La relación de vencedores de etapa del Tour, secuestrado por la voracidad de Pogacar en la cúspide, deja un listado de grandes nombres posándose sobre las victorias parciales. A los cinco laureles del esloveno, se le han de sumar las tres triunfos de Merlier, los dos de Evenepoel, Van der Poel y Carapaz, y las victorias de Del Toro, Pedersen, Kooij, Philipsen, Wærenskjold y Schmid.
El primer día la victoria fue para el Visma en crono por equipos de Barcelona. Cada victoria, salvo las que pertenecen al racimo de Pogacar, donde siempre se impuso desde la superioridad, ha enfatizado la dificultad extrema que entraña alcanzar un triunfo en la carrera más exigente del mundo por la participación, que concentra a los mejores en su momento álgido, y por la velocidad, meteórica en la que se corre. Ha sido el Tour más rápido de la historia, superando la marca de 2025.
El adiós de Ion Izagirre
En ese escenario de obligada excelencia, la participación vasca en el Tour no pudo sobresalir.
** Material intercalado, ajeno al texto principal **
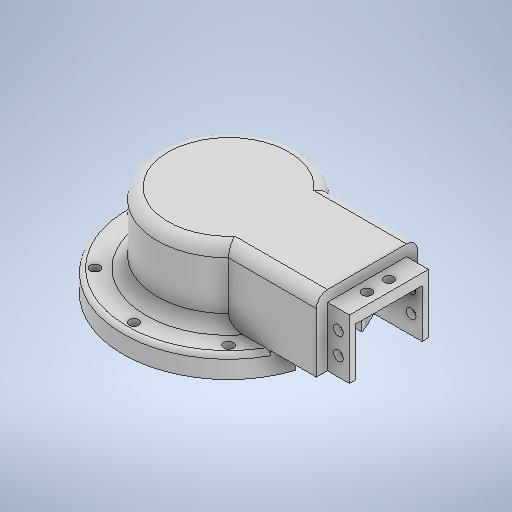
# Autodesk Inventor part: pulley_case_part_1
Saved by Autodesk Inventor 2025 (Build 290162000, 162)
## iProperties
Created: 2025-01-31
Part Number: pulley_case_part_1
Material: Generic
Document SubType Name: Modeling
Designer: danielrachi
Density: 1 g/cm^3
Appearance: Default
Author: danielrachi
Autodesk Inventor part; units mm, degrees
ref_plane "YZ Plane" through (0, 0, 0) normal (1, 0, 0) x (0, 1, 0)
ref_plane "XZ Plane" through (0, 0, 0) normal (0, 1, 0) x (-1, 0, 0)
ref_plane "XY Plane" through (0, 0, 0) normal (0, 0, 1) x (1, 0, 0)
sketch "Sketch1" plane through (0, 0, 0) normal (0, 1, 0) x (-1, 0, 0)
  circle A0 centre (0, 0) radius 27.5
  circle A1 centre (0, 0) radius 48
  circle A2 centre (0, -43) radius 2.25
  circle A3 centre (30.4056, -30.4056) radius 2.25
  circle A4 centre (43, 0) radius 2.25
  circle A5 centre (30.4056, 30.4056) radius 2.25
  circle A6 centre (0, 43) radius 2.25
  circle A7 centre (-30.4056, 30.4056) radius 2.25
  circle A8 centre (-43, 0) radius 2.25
  circle A9 centre (-30.4056, -30.4056) radius 2.25
  dimension "d0" = 55
  dimension "d1" = 96
  dimension "d3" = 4.5
  dimension "d4" = 43
  dimension "d7" = 360
  constraints: 10 centre point, 2 coincident, 1 vertical alignment, 17 other
  measures "d0" diameter of A0
  measures "d1" diameter of A1
  measures "d3" diameter of A2
  measures "d4" distance of A2.centre point (0, 0)
extrude "Extrusion1" add sketch "Sketch1" along normal blind 10 contours A1 | A8
sketch "Sketch2" plane through (0, 10, 0) normal (0, 1, 0) x (1, 0, 0)
  circle A0 centre (0, 0) radius 32.5
  circle A1 centre (0, 0) radius 27.5
  line L0 (22.981, 22.981) -> (22.981, -22.981)
  line L1 (0, 0) -> (22.981, -22.981)
  line L2 (0, 0) -> (32.5, 0) construction
  point P0 (22.981, 0)
  point P1 (22.981, -15.1038)
  point P2 (22.981, 15.1038)
  point P3 (19.4454, -19.4454)
  dimension "d11" = 65
  dimension "d12" = 55
  dimension "d50" = 45
  constraints: 6 end point, 2 centre point, 2 coincident, 2 point on circle, 1 equal length, 1 horizontal, 1 midpoint, 1 vertical
  measures "d11" diameter of A0
  measures "d12" diameter of A1
  measures "d50" angle of L1 L2
extrude "Extrusion2" add sketch "Sketch2" along normal blind 22 contours L0 A1 L1 A0 | L1 A1 L0
sketch "Sketch17" plane through (0, 10, 0) normal (0, 1, 0) x (1, 0, 0)
  line L0 (22.981, -15.1038) -> (22.981, -22.981) projected
  line L1 (22.981, -15.1038) -> (48, -15.1038)
  line L2 (48, -15.1038) -> (48, 15.1038)
  line L3 (48, 15.1038) -> (22.981, 15.1038)
  line L4 (22.981, 15.1038) -> (22.981, -15.1038)
  circle A0 centre (0, 0) radius 48 projected
  point P0 (45.5618, -15.1038)
  point P1 (45.5618, 15.1038)
  constraints: 8 end point, 2 parallel, 1 coincident, 1 horizontal, 1 perpendicular, 1 tangent
extrude "Extrusion14" cut sketch "Sketch17" against normal up to next contours L4 L3 A0 L1 picked at (31.3207, 0)
sketch "Sketch18" plane through (0, 32, 0) normal (0, 1, 0) x (1, 0, 0)
  arc A0 (22.981, 22.981) -> (22.981, -22.981) centre (0, 0) ccw projected
  circle A1 centre (0, 0) radius 32.5
  arc A2 (22.981, 15.1038) -> (22.981, -15.1038) centre (0, 0) ccw projected
  line L0 (22.981, 22.981) -> (22.981, -22.981)
  point P0 (22.981, -15.1038)
  point P1 (22.981, 15.1038)
  constraints: 2 end point, 1 coincident, 1 vertical, 3 other
extrude "Extrusion15" add sketch "Sketch18" along normal blind 10 contours L0 A2 A0 | L0 A2
sketch "Sketch19" plane through (22.981, 10, -15.1038) normal (1, 0, 0) x (0, 0, -1)
  line L0 (-30.2076, 0) -> (-38.0848, 0) projected
  line L1 (-38.0848, 32) -> (7.8772, 32) projected
  line L2 (-38.0848, 0) -> (-38.0848, 32)
  line L3 (-38.0848, 32) -> (7.8772, 32)
  line L4 (7.8772, 32) -> (7.8772, 0)
  line L5 (0, 0) -> (0, 22) projected
  line L6 (7.8772, 0) -> (0, 0)
  line L7 (0, 0) -> (0, 22)
  line L8 (-30.2076, 0) -> (-30.2076, 22) projected
  line L9 (0, 22) -> (-30.2076, 22)
  line L10 (-30.2076, 22) -> (-30.2076, 0)
  line L11 (-30.2076, 0) -> (-38.0848, 0)
  point P0 (-15.1038, -10)
  constraints: 16 end point, 7 perpendicular, 1 vertical
extrude "Extrusion16" add sketch "Sketch19" along normal blind 50
sketch "Sketch20" plane through (72.981, 10, -15.1038) normal (1, 0, 0) x (0, 0, -1)
  line L0 (-47.6038, 0) -> (17.3962, 0) projected
  line L1 (-33.0848, 0) -> (2.8772, 0)
  line L2 (2.8772, 0) -> (2.8772, 27)
  line L3 (2.8772, 27) -> (-33.0848, 27)
  line L4 (-33.0848, 27) -> (-33.0848, 0)
  line L5 (-38.0848, 32) -> (-38.0848, 0) projected
  line L6 (7.8772, 0) -> (7.8772, 32) projected
  line L7 (7.8772, 32) -> (-38.0848, 32) projected
  point P0 (-15.1038, -10)
  point P1 (2.8772, 0)
  dimension "d67" = 5
  dimension "d68" = 5
  dimension "d69" = 5
  constraints: 8 end point, 2 parallel, 1 horizontal, 1 perpendicular, 1 point on line
  measures "d67" distance between parallel lines of L5 L4
  measures "d68" distance between parallel lines of L6 L2
  measures "d69" distance between parallel lines of L3 L7
extrude "Extrusion17" cut sketch "Sketch20" against normal blind 10 contours L5 L7 L6 L0 L2 L3 L4
sketch "Sketch21" plane through (72.981, 37, 17.981) normal (0, 1, 0) x (1, 0, 0)
  line L0 (0, 2.8772) -> (0, 33.0848) projected
  line L1 (0, 17.981) -> (-10, 17.981)
  line L2 (-10, -5) -> (-10, 40.9619) projected
  circle A0 centre (-5, 22.981) radius 2.25
  circle A1 centre (-5, 12.981) radius 2.25
  point P0 (-72.981, 17.981)
  point P1 (-5, 17.981)
  dimension "d72" = 4.5
  dimension "d73" = 5
  constraints: 3 midpoint, 2 centre point, 2 end point, 1 symmetric about line, 1 vertical alignment, 1 other
  measures "d72" diameter of A0
  measures "d73" distance from line of A0.centre L1
extrude "Extrusion18" cut sketch "Sketch21" against normal blind 50
sketch "Sketch22" plane through (72.981, 10, 17.981) normal (0, 0, 1) x (1, 0, 0)
  line L0 (0, 0) -> (0, 27) projected
  line L1 (0, 13.5) -> (-10, 13.5)
  line L2 (-10, 32) -> (-10, 0) projected
  circle A0 centre (-5, 18.5) radius 2.25
  circle A1 centre (-5, 8.5) radius 2.25
  point P0 (-72.981, -10)
  point P1 (-5, 13.5)
  dimension "d76" = 4.5
  dimension "d77" = 5
  constraints: 2 centre point, 2 end point, 2 midpoint, 1 horizontal, 1 point on line, 1 symmetric about line, 1 vertical alignment, 1 other
  measures "d76" diameter of A0
  measures "d77" distance of point (-5, 13.5) A0.centre
extrude "Extrusion19" cut sketch "Sketch22" against normal blind 50
fillet "Fillet5" radius 5 3 edges at (-32.5, 42, 0) (42.981, 42, 22.981) (42.981, 42, -22.981)
fillet "Fillet6" radius 5 1 edges at (-32.5, 10, 0)
fillet "Fillet7" radius 2 1 edges at (-48, 10, 0)
equation "\"d0\" = pulley_diameter"
equation "\"d1\" = motor_diameter"
equation "\"d9\" = thickness"
equation "\"d11\" = pulley_diameter + thickness"
equation "\"d12\" = pulley_diameter"
equation "\"d13\" = pulley_width - thickness"
equation "\"d60\" = pulley_width - thickness"
equation "\"d63\" = thickness"
equation "\"d67\" = 0.5 * thickness"
equation "\"d68\" = 0.5 * thickness"
equation "\"d69\" = 0.5 * thickness"
equation "\"d70\" = thickness"
equation "\"pulley_diameter\" = 55"
equation "\"motor_diameter\" = 96"
equation "\"pulley_width\" = 32"
equation "\"thickness\" = 10"
equation "\"belt_perimeter\" = 582.5"
equation "\"belt_pulley_half_perimeter\" = 138.23"
equation "\"belt_pulley_to_pulley_perimeter\" = belt_perimeter - 2 * belt_pulley_half_perimeter"
equation "\"pulley_separation\" = -belt_pulley_half_perimeter + 0.5 * belt_perimeter"
body "Solid1"
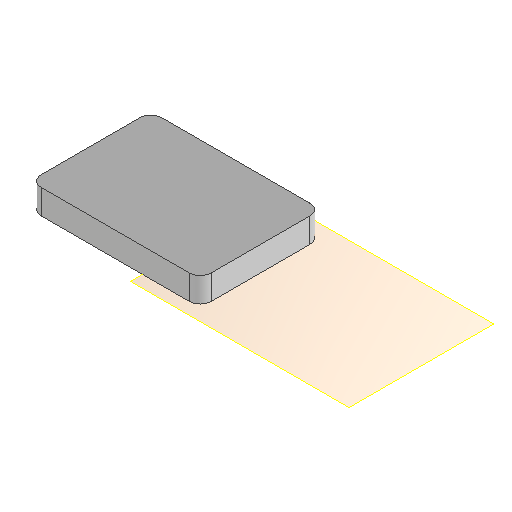
# Autodesk Inventor part: 20_Cube_4_insert_Lens_kinematic_mirrormount_plate
Saved by Autodesk Inventor 2025.1 (Build 291241020, 241B)
## iProperties
Created: 2024-10-03
Part Number: 20_Cube_4_insert_Lens_kinematic_mirrormount_plate
Material: Generic
Document SubType Name: Modeling
Designer: diederichbenedict
Density: 1 g/cm^3
Appearance: Default
Author: diederichbenedict
Autodesk Inventor part; units mm, degrees
ref_plane "YZ Plane" through (0, 0, 0) normal (1, 0, 0) x (0, 1, 0)
ref_plane "XZ Plane" through (0, 0, 0) normal (0, 1, 0) x (-1, 0, 0)
ref_plane "XY Plane" through (0, 0, 0) normal (0, 0, 1) x (1, 0, 0)
ref_plane "Work Plane1" through (24.9, 0, 1) normal (0, 0, 1) x (1, 0, 0)
sketch "Sketch1" plane through (24.9, 0, 1) normal (0, 0, 1) x (1, 0, 0)
  circle A0 centre (-55.5143, -4) radius 2.45
  circle A1 centre (-30.5143, -4) radius 2.45
  circle A2 centre (-30.5143, -20) radius 2.45
  line L0 (-55.5143, -4) -> (-30.5143, -4)
  line L1 (-30.5143, -4) -> (-30.5143, -20)
  line L2 (-30.5143, -20) -> (-55.5143, -20)
  line L3 (-55.5143, -20) -> (-55.5143, -4)
  line L4 (-27.5143, -1) -> (-58.5143, -1)
  line L5 (-58.5143, -1) -> (-58.5143, -23)
  line L6 (-58.5143, -23) -> (-27.5143, -23)
  line L7 (-27.5143, -23) -> (-27.5143, -1)
  circle A3 centre (-55.5143, -4) radius 1.4 projected
  circle A4 centre (-30.5143, -4) radius 1.4 projected
  circle A5 centre (-30.5143, -20) radius 1.4 projected
  circle A6 centre (-55.5143, -20) radius 1.4 projected
  dimension "d0" = 4.9
  dimension "d1" = 4.9
  dimension "d2" = 4.9
  dimension "d3" = 3
  constraints: 16 end point, 4 parallel, 3 centre point, 3 coincident, 2 perpendicular, 1 horizontal, 3 other
  measures "d0" diameter of A0
  measures "d1" diameter of A1
  measures "d2" diameter of A2
  measures "d3" distance between parallel lines of L0 L4
extrude "Extrusion1" add sketch "Sketch1" along normal blind 3.5 contours L0 A1 L1 A2 L2 A6 L3 A0 | L7 L6 L5 L4
sketch "Sketch2" plane through (24.9, 0, 4.5) normal (0, 0, 1) x (1, 0, 0)
  circle A0 centre (-30.5143, -4) radius 2.45 projected
  circle A1 centre (-30.5143, -20) radius 2.45 projected
  circle A2 centre (-55.5143, -4) radius 2.45 projected
  line L0 (-58.5143, -1) -> (-58.5143, -23) projected
  line L1 (-58.5143, -23) -> (-27.5143, -23) projected
  line L2 (-27.5143, -23) -> (-27.5143, -1) projected
  line L3 (-27.5143, -1) -> (-58.5143, -1) projected
  circle A3 centre (-55.5143, -20) radius 1.4 projected
  circle A4 centre (-30.5143, -20) radius 2.45 projected
  circle A5 centre (-30.5143, -4) radius 2.45 projected
  circle A6 centre (-55.5143, -4) radius 2.45 projected
  point P0 (-24.9, 0)
extrude "Extrusion2" add sketch "Sketch2" along normal blind 1 contours A0 | A1 | A2 | L3 L2 L1 L0 | A3
fillet "Fillet1" radius 2 4 edges at (-33.6143, -23, 3.25) (-2.6143, -23, 3.25) (-33.6143, -1, 3.25) (-2.6143, -1, 3.25)
equation "\"d1\" = d0"
equation "\"d2\" = d0"
body "Solid1"

Ion Izagirre, dos veces ganador de etapa en la Grande Boucle, en 2016 y 2023, suya es la última conquista vasca en la carrera francesa, acudió a su baile final en el hexágono con 37 años.
"Sabía que eran mis últimas vueltas en el Tour y de mi carrera profesional. Ha sido un día muy bonito, en un circuito muy especial y con un ambiente increíble. He sentido algo especial, con presencia de mis familiares. Un viaje que termino, que ha sido muy bonito", comentó en meta el ciclista de Ormaiztegi.
Se empeñó el de Ormaiztegi en tratar de encontrar una grieta por la que hacer palanca y poder celebrar una victoria. No lo consiguió Izagirre, siempre atento a las escapadas que podían llegar a buen puerto.
Gran interprete de la carrera, experimentado y con una gran lectura de las corrientes que se mueven dentro del pelotón, Izagirre estuvo presente en varias fugas. Sucedió que no pudo responder al elevadísimo listón que se impuso en esas aventuras. El Tour hacía una criba desmesurada.
Estuvo presente Izagirre en la fuga camino de Foix, en la cuarta etapa, en la que se armó hacia Belfort en la 13ª jornada y en la que se remató en Alpe d’Huez en el decimonoveno día de competición. Su mejor resultado fue la 18ª plaza y una vigésima tras acumular en total 450 kilómetros en fuga.
Ion Izagirre, en los Campos Elíseos de París.
"El Tour no ha sido el esperado, venía con otras ambiciones, al menos estar en la disputa de alguna victoria de etapa. He podido coger alguna fuga, peo lejos de disputar el triunfo etapa. Tengo una sensación agridulce, pero el equipo ha buscado la victoria en París. Queda otra parte de la temporada", señaló Izagirre.
Aranburu y Azparren
Su compañero de equipo en el Cofidis, Alex Aranburu, compartió un par de fugas (sumó 195 kilómetros en esas pasajes), pero tuvo muchos menos recorrido que el veterano Ion Izagirre. El de Ezkio no encontró su mejor versión en la carrera francesa, que no perdona ni un ápice.
Contribuyó Aranburu a la colocación para los esprints disputados por Fretin, el velocista de la formación gala.
La tarea de Xabier Mikel Azparren, debutante en el Tour, era la de proteger en el llano y en las llegadas a Tom Pidcock, su jefe de filas. El donostiarra completó su cometido de forma notable. Se dejó ver en una fuga por las calles de París en el primer paso por la cota de Montmartre.